What you should do: Return the material unaltered, line by line.

Supplied material:

►

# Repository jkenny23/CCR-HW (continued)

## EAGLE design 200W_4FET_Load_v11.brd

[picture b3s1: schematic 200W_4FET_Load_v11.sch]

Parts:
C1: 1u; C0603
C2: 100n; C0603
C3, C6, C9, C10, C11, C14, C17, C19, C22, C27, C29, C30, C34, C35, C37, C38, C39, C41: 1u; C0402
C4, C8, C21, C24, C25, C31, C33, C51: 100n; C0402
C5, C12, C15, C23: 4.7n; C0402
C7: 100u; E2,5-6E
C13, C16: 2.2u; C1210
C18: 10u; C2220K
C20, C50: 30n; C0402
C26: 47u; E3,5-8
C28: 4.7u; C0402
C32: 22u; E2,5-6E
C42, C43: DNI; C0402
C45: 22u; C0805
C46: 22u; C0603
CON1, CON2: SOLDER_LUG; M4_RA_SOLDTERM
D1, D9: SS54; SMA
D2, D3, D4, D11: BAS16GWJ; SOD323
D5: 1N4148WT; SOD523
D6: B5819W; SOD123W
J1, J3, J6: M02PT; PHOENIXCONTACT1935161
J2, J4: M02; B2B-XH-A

◄

Result of the exercise:
# Repository jkenny23/CCR-HW (continued)

## EAGLE design 200W_4FET_Load_v11.brd

[picture b3s1: schematic 200W_4FET_Load_v11.sch]

Parts:
C1: 1u; C0603
C2: 100n; C0603
C3, C6, C9, C10, C11, C14, C17, C19, C22, C27, C29, C30, C34, C35, C37, C38, C39, C41: 1u; C0402
C4, C8, C21, C24, C25, C31, C33, C51: 100n; C0402
C5, C12, C15, C23: 4.7n; C0402
C7: 100u; E2,5-6E
C13, C16: 2.2u; C1210
C18: 10u; C2220K
C20, C50: 30n; C0402
C26: 47u; E3,5-8
C28: 4.7u; C0402
C32: 22u; E2,5-6E
C42, C43: DNI; C0402
C45: 22u; C0805
C46: 22u; C0603
CON1, CON2: SOLDER_LUG; M4_RA_SOLDTERM
D1, D9: SS54; SMA
D2, D3, D4, D11: BAS16GWJ; SOD323
D5: 1N4148WT; SOD523
D6: B5819W; SOD123W
J1, J3, J6: M02PT; PHOENIXCONTACT1935161
J2, J4: M02; B2B-XH-A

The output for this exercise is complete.